------ Data under study
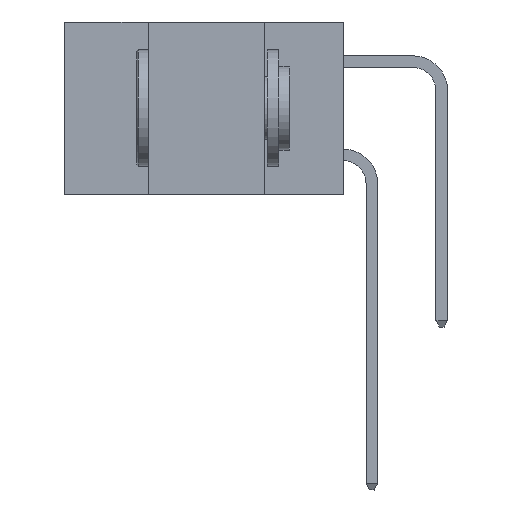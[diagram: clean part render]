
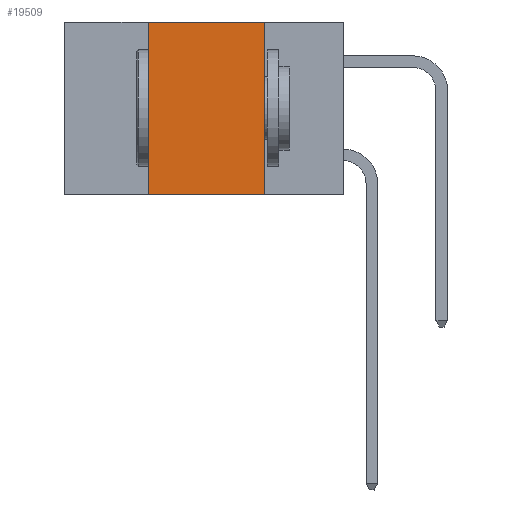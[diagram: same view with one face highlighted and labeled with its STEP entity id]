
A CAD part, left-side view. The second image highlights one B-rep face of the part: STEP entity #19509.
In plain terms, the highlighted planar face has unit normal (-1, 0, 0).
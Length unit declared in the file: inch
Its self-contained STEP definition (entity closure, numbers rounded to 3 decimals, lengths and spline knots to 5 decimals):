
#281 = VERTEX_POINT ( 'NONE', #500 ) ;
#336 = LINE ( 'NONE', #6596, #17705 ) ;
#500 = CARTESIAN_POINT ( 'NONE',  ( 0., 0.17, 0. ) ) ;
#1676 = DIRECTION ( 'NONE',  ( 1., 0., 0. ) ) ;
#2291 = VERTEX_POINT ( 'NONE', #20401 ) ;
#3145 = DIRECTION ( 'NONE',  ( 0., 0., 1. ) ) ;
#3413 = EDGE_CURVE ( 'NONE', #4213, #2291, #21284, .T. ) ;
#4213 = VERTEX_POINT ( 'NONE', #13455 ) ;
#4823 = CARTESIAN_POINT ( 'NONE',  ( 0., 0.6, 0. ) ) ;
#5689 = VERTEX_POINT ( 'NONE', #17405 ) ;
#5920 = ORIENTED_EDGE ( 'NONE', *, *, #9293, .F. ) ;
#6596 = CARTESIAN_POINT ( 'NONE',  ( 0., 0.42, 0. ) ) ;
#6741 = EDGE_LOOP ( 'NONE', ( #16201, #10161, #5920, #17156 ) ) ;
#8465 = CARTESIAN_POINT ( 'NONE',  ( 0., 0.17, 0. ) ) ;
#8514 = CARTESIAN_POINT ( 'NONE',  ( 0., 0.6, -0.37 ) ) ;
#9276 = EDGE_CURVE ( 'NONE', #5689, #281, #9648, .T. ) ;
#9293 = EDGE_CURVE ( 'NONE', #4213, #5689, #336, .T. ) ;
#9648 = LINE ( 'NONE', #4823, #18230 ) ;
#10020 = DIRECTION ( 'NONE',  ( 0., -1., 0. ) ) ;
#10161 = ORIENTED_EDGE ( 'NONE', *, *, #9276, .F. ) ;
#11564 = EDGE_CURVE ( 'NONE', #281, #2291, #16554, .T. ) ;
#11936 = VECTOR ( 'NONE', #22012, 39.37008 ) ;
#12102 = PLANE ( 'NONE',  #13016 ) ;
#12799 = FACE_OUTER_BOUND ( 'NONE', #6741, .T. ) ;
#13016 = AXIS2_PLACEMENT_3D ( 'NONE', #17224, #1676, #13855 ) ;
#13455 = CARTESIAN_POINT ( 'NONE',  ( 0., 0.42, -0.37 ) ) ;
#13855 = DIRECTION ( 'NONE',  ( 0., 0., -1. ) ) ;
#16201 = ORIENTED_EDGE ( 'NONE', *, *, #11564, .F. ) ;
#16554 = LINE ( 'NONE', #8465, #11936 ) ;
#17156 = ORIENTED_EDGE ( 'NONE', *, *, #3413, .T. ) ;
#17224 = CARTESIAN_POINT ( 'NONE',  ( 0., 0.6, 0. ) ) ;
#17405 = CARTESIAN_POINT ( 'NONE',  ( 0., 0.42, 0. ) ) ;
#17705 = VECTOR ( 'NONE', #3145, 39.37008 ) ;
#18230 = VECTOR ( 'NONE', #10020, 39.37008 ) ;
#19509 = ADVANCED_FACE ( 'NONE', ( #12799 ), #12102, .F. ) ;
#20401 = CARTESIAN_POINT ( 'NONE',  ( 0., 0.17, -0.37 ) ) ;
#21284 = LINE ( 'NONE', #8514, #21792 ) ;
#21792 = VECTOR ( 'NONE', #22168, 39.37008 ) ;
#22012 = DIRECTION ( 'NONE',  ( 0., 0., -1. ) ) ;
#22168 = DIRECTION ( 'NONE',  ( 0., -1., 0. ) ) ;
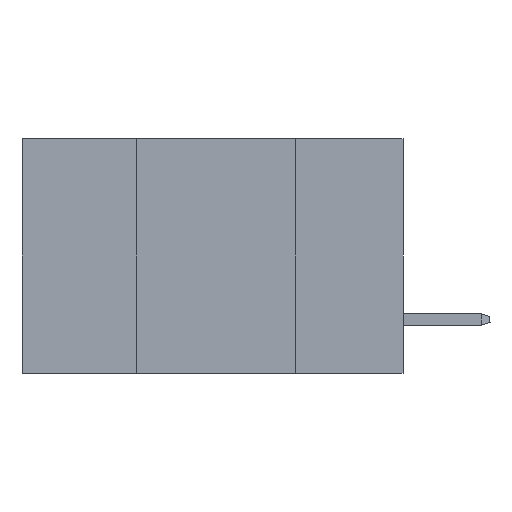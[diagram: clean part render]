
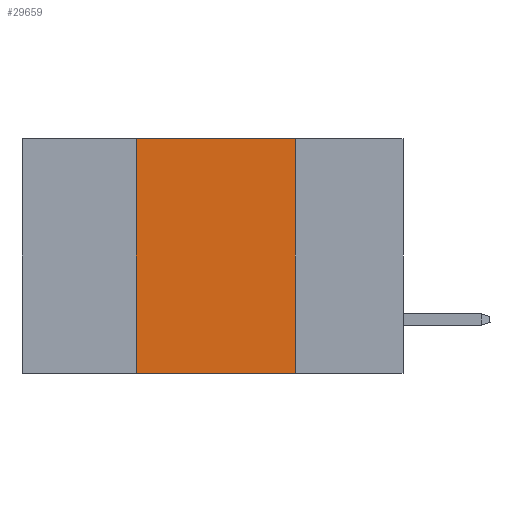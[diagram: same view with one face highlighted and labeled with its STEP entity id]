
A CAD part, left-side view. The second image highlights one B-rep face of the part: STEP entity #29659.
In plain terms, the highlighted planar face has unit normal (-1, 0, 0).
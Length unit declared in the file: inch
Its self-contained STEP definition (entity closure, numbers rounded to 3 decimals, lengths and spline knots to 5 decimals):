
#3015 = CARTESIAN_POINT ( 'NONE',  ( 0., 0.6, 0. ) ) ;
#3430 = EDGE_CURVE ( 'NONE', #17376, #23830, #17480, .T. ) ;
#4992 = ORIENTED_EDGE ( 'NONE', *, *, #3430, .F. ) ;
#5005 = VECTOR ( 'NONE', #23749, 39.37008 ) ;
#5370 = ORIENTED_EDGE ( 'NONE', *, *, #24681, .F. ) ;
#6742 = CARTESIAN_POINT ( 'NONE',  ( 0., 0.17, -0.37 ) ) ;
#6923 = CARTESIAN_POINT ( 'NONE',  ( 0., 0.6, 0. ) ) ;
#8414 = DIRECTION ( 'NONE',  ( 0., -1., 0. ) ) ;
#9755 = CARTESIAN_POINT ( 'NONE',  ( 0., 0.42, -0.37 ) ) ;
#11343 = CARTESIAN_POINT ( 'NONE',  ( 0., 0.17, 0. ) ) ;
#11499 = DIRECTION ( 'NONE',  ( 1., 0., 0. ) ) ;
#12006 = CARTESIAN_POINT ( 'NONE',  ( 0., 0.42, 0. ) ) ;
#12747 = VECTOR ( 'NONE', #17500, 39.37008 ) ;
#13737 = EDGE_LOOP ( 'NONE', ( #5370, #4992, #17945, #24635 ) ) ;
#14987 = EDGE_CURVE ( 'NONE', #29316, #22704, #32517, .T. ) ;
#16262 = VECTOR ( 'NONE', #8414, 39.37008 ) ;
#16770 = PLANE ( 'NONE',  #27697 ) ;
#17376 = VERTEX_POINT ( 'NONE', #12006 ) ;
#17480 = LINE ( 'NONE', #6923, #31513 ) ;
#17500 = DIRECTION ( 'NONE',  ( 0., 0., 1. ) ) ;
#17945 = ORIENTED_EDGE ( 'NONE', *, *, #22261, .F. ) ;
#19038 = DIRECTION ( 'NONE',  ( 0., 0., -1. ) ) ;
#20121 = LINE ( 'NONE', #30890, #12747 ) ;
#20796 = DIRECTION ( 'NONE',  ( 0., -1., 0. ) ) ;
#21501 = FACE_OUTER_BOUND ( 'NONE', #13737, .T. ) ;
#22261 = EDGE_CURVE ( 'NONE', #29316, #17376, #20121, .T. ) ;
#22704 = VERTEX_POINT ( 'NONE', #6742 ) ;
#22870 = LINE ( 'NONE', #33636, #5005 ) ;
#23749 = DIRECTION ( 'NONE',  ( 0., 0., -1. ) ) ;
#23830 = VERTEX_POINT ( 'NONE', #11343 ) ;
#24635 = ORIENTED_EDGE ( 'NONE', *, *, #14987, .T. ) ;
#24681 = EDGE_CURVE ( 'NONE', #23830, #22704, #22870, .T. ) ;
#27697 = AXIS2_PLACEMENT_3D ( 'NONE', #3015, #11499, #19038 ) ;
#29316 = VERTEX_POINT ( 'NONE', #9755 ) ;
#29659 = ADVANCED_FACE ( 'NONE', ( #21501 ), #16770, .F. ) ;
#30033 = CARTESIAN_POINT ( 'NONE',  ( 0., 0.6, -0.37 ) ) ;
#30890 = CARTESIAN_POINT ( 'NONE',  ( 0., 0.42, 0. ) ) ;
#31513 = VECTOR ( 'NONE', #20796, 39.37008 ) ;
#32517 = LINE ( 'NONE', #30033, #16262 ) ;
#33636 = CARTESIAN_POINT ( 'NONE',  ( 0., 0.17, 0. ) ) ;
------------
▶ [Work required]
In the listing above, find the line containing "#21501 = FACE_OUTER_BOUND" and the line containing "#23830 = VERTEX_POINT ( 'NONE', #11343 ) ;", then quote both, plus every line between them, exactly as written.

▶ [Your solution]
#21501 = FACE_OUTER_BOUND ( 'NONE', #13737, .T. ) ;
#22261 = EDGE_CURVE ( 'NONE', #29316, #17376, #20121, .T. ) ;
#22704 = VERTEX_POINT ( 'NONE', #6742 ) ;
#22870 = LINE ( 'NONE', #33636, #5005 ) ;
#23749 = DIRECTION ( 'NONE',  ( 0., 0., -1. ) ) ;
#23830 = VERTEX_POINT ( 'NONE', #11343 ) ;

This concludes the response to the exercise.